■ Your task
Copy exactly the stretch of data below from the line with "point P0 (10, 16.256)" through the line with "line L1 (7.243, -22.356)", including both of those lines.

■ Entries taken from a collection
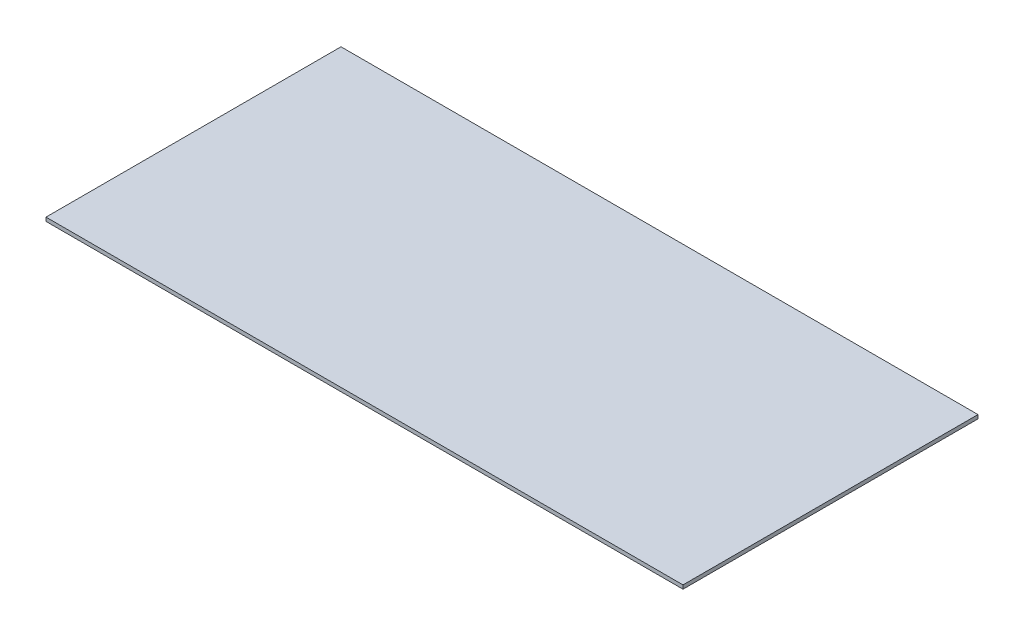
SolidWorks part; units mm, degrees
ref_plane "Front Plane" through (0, 0, 0) normal (0, 0, 1) x (1, 0, 0)
ref_plane "Top Plane" through (0, 0, 0) normal (0, 1, 0) x (1, 0, 0)
ref_plane "Right Plane" through (0, 0, 0) normal (1, 0, 0) x (0, 0, -1)
sketch "Sketch1" plane through (0, 0, 0) normal (0, 1, 0) x (1, 0, 0)
  line L1 (538.1625, -249.2375) -> (-538.1625, -249.2375)
  line L2 (538.1625, -249.2375) -> (538.1625, 249.2375)
  line L3 (538.1625, 249.2375) -> (-538.1625, 249.2375)
  line L4 (-538.1625, -249.2375) -> (-538.1625, 249.2375)
  line L5 (538.1625, -249.2375) -> (-538.1625, 249.2375) construction
  line L6 (538.1625, 249.2375) -> (-538.1625, -249.2375) construction
  point P0 (0, 0)
  dimension "D1" = 498.475
  dimension "D2" = 1076.325
extrude "Glass" add sketch "Sketch1" along normal blind 6.35
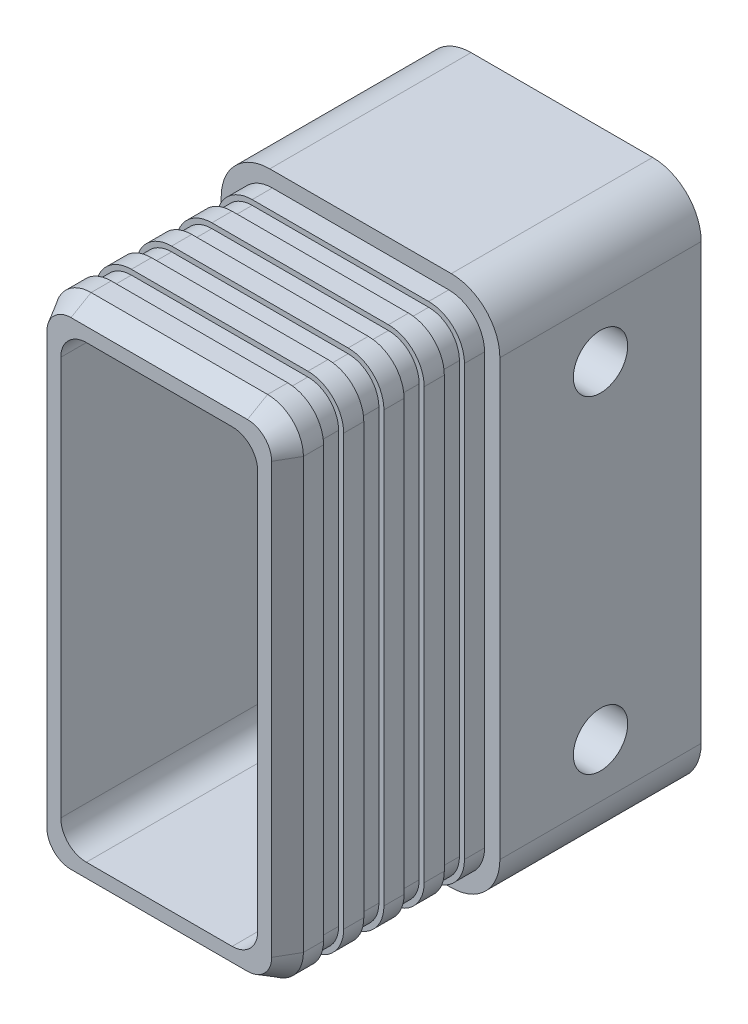
SolidWorks part; units mm, degrees
material "Nylon 101"
ref_plane "Front Plane" through (0, 0, 0) normal (0, 0, 1) x (1, 0, 0)
ref_plane "Top Plane" through (0, 0, 0) normal (0, 1, 0) x (1, 0, 0)
ref_plane "Right Plane" through (0, 0, 0) normal (1, 0, 0) x (0, 0, -1)
sketch "Sketch1" plane through (0, 0, 0) normal (0, 0, 1) x (1, 0, 0)
  line L1 (12.323, -24.896) -> (-12.323, -24.896)
  line L2 (12.323, -24.896) -> (12.323, 24.896)
  line L3 (12.323, 24.896) -> (-12.323, 24.896)
  line L4 (-12.323, -24.896) -> (-12.323, 24.896)
  line L5 (12.323, -24.896) -> (-12.323, 24.896) construction
  line L6 (12.323, 24.896) -> (-12.323, -24.896) construction
  point P0 (0, 0)
  dimension "D1" = 49.792
  dimension "D2" = 24.646
extrude "Boss-Extrude1" add sketch "Sketch1" along normal blind 20
sketch "Sketch2" plane through (0, 0, 0) normal (0, 0, 1) x (1, 0, 0)
  line L1 (13.843, -26.416) -> (-13.843, -26.416)
  line L2 (13.843, -26.416) -> (13.843, 26.416)
  line L3 (13.843, 26.416) -> (-13.843, 26.416)
  line L4 (-13.843, -26.416) -> (-13.843, 26.416)
  line L5 (13.843, -26.416) -> (-13.843, 26.416) construction
  line L6 (13.843, 26.416) -> (-13.843, -26.416) construction
  point P0 (0, 0)
  dimension "D1" = 52.832
  dimension "D2" = 27.686
extrude "Boss-Extrude2" add sketch "Sketch2" against normal blind 20
fillet "Fillet1" radius 3.556 4 edges at (-12.323, -24.896, 10) (12.323, -24.896, 10) (12.323, 24.896, 10) (-12.323, 24.896, 10)
fillet "Fillet2" radius 4.826 4 edges at (-13.843, 26.416, -10) (13.843, 26.416, -10) (13.843, -26.416, -10) (-13.843, -26.416, -10)
sketch "Sketch4" plane through (13.843, 0, 0) normal (1, 0, 0) x (0, 0, -1)
  line L0 (10, 26.416) -> (10, 16.256) construction
  line L1 (0, 26.416) -> (20, 26.416) construction
  line L2 (0, 18.0158) -> (10, 18.0158) construction
  line L4 (0, -21.34) -> (0, 21.34) construction
  line L5 (10, 16.0542) -> (20, 16.0542) construction
  line L6 (20, -21.59) -> (20, 21.59) construction
  line L7 (5.9262, 0) -> (-5.9262, 0) construction
  point P11 (10, 16.256)
  point P18 (10, -16.256)
  dimension "D1" = 10.16
hole_wizard "Ø5.0mm Dowel Hole2" positions "Sketch7" profile "Sketch8" hole size "Ø5.0" standard "ANSI Metric" end condition through all
sketch "Sketch7" plane through (13.843, 0, 0) normal (1, 0, 0) x (0, 0, -1)
  point P0 (10, 16.256)
  point P3 (10, -16.256)
sketch "Sketch8" plane through (13.843, 16.256, -10) normal (0, 1, 0) x (0, 0, -1)
  line L0 (0, 0) -> (0, 27.686)
  line L1 (0, 27.686) -> (2.7, 27.686)
  line L2 (2.7, 27.686) -> (2.7, 0)
  line L5 (2.7, 0) -> (0, 0)
  line L11 (0, -6.35) -> (0, 107.95) construction
  dimension "Thru Hole Dia." = 5.4
  dimension "Thru Hole Depth" = 27.686
sketch "Sketch9" plane through (0, 0, 20) normal (0, 0, 1) x (1, 0, 0)
  line L0 (8.767, 24.896) -> (-8.767, 24.896) construction
  line L1 (7.243, -22.356) -> (-7.243, -22.356)
  line L2 (9.783, -19.816) -> (9.783, 19.816)
  line L3 (7.243, 22.356) -> (-7.243, 22.356)
  line L4 (-9.783, -19.816) -> (-9.783, 19.816)
  line L5 (9.783, -22.356) -> (-9.783, 22.356) construction
  line L6 (9.783, 22.356) -> (-9.783, -22.356) construction
  line L7 (12.323, -21.34) -> (12.323, 21.34) construction
  arc A0 (7.243, -22.356) -> (9.783, -19.816) centre (7.243, -19.816) ccw
  arc A1 (-7.243, -22.356) -> (-9.783, -19.816) centre (-7.243, -19.816) cw
  arc A2 (-7.243, 22.356) -> (-9.783, 19.816) centre (-7.243, 19.816) ccw
  arc A3 (9.783, 19.816) -> (7.243, 22.356) centre (7.243, 19.816) ccw
  point P0 (0, 0)
  dimension "D3" = 2.54
  dimension "D1" = 2.54
  dimension "D2" = 2.54
extrude "Cut-Extrude1" cut sketch "Sketch9" against normal through all
sketch "Sketch10" plane through (0, 0, 20) normal (0, 0, 1) x (1, 0, 0)
  line L9 (-12.323, 21.34) -> (-12.323, -21.34)
  line L10 (-8.767, -24.896) -> (8.767, -24.896)
  line L11 (12.323, -21.34) -> (12.323, 21.34)
  line L12 (8.767, 24.896) -> (-8.767, 24.896)
  line L13 (-11.823, 21.34) -> (-11.823, -21.34)
  line L14 (-8.767, -24.396) -> (8.767, -24.396)
  line L15 (11.823, -21.34) -> (11.823, 21.34)
  line L16 (8.767, 24.396) -> (-8.767, 24.396)
  line L17 (-11.823, 21.34) -> (-11.823, -21.34)
  line L18 (-8.767, -24.396) -> (8.767, -24.396)
  line L19 (11.823, -21.34) -> (11.823, 21.34)
  line L20 (8.767, 24.396) -> (-8.767, 24.396)
  arc A8 (-8.767, 24.896) -> (-12.323, 21.34) centre (-8.767, 21.34) ccw
  arc A9 (-12.323, -21.34) -> (-8.767, -24.896) centre (-8.767, -21.34) ccw
  arc A10 (8.767, -24.896) -> (12.323, -21.34) centre (8.767, -21.34) ccw
  arc A11 (12.323, 21.34) -> (8.767, 24.896) centre (8.767, 21.34) ccw
  arc A12 (-11.823, -21.34) -> (-8.767, -24.396) centre (-8.767, -21.34) ccw
  arc A13 (8.767, -24.396) -> (11.823, -21.34) centre (8.767, -21.34) ccw
  arc A14 (11.823, 21.34) -> (8.767, 24.396) centre (8.767, 21.34) ccw
  arc A15 (-8.767, 24.396) -> (-11.823, 21.34) centre (-8.767, 21.34) ccw
  arc A16 (-11.823, -21.34) -> (-8.767, -24.396) centre (-8.767, -21.34) ccw
  arc A17 (8.767, -24.396) -> (11.823, -21.34) centre (8.767, -21.34) ccw
  arc A18 (11.823, 21.34) -> (8.767, 24.396) centre (8.767, 21.34) ccw
  arc A19 (-8.767, 24.396) -> (-11.823, 21.34) centre (-8.767, 21.34) ccw
  dimension "D1" = 0.5
extrude "Cut-Extrude2" cut sketch "Sketch10" against normal blind 2 from offset 4 offset against normal yes
pattern_linear "LPattern1" count 4 spacing 4 along (0, 0, -1) of "Cut-Extrude2"
chamfer "Chamfer1" distance 2 angle 30 8 edges at (12.323, 0, 20) (11.2815, 23.8545, 20) (11.2815, -23.8545, 20) (0, 24.896, 20) (0, -24.896, 20) (-11.2815, 23.8545, 20) (-11.2815, -23.8545, 20) (-12.323, 0, 20)

■ Completed exercise
  point P0 (10, 16.256)
  point P3 (10, -16.256)
sketch "Sketch8" plane through (13.843, 16.256, -10) normal (0, 1, 0) x (0, 0, -1)
  line L0 (0, 0) -> (0, 27.686)
  line L1 (0, 27.686) -> (2.7, 27.686)
  line L2 (2.7, 27.686) -> (2.7, 0)
  line L5 (2.7, 0) -> (0, 0)
  line L11 (0, -6.35) -> (0, 107.95) construction
  dimension "Thru Hole Dia." = 5.4
  dimension "Thru Hole Depth" = 27.686
sketch "Sketch9" plane through (0, 0, 20) normal (0, 0, 1) x (1, 0, 0)
  line L0 (8.767, 24.896) -> (-8.767, 24.896) construction
  line L1 (7.243, -22.356) -> (-7.243, -22.356)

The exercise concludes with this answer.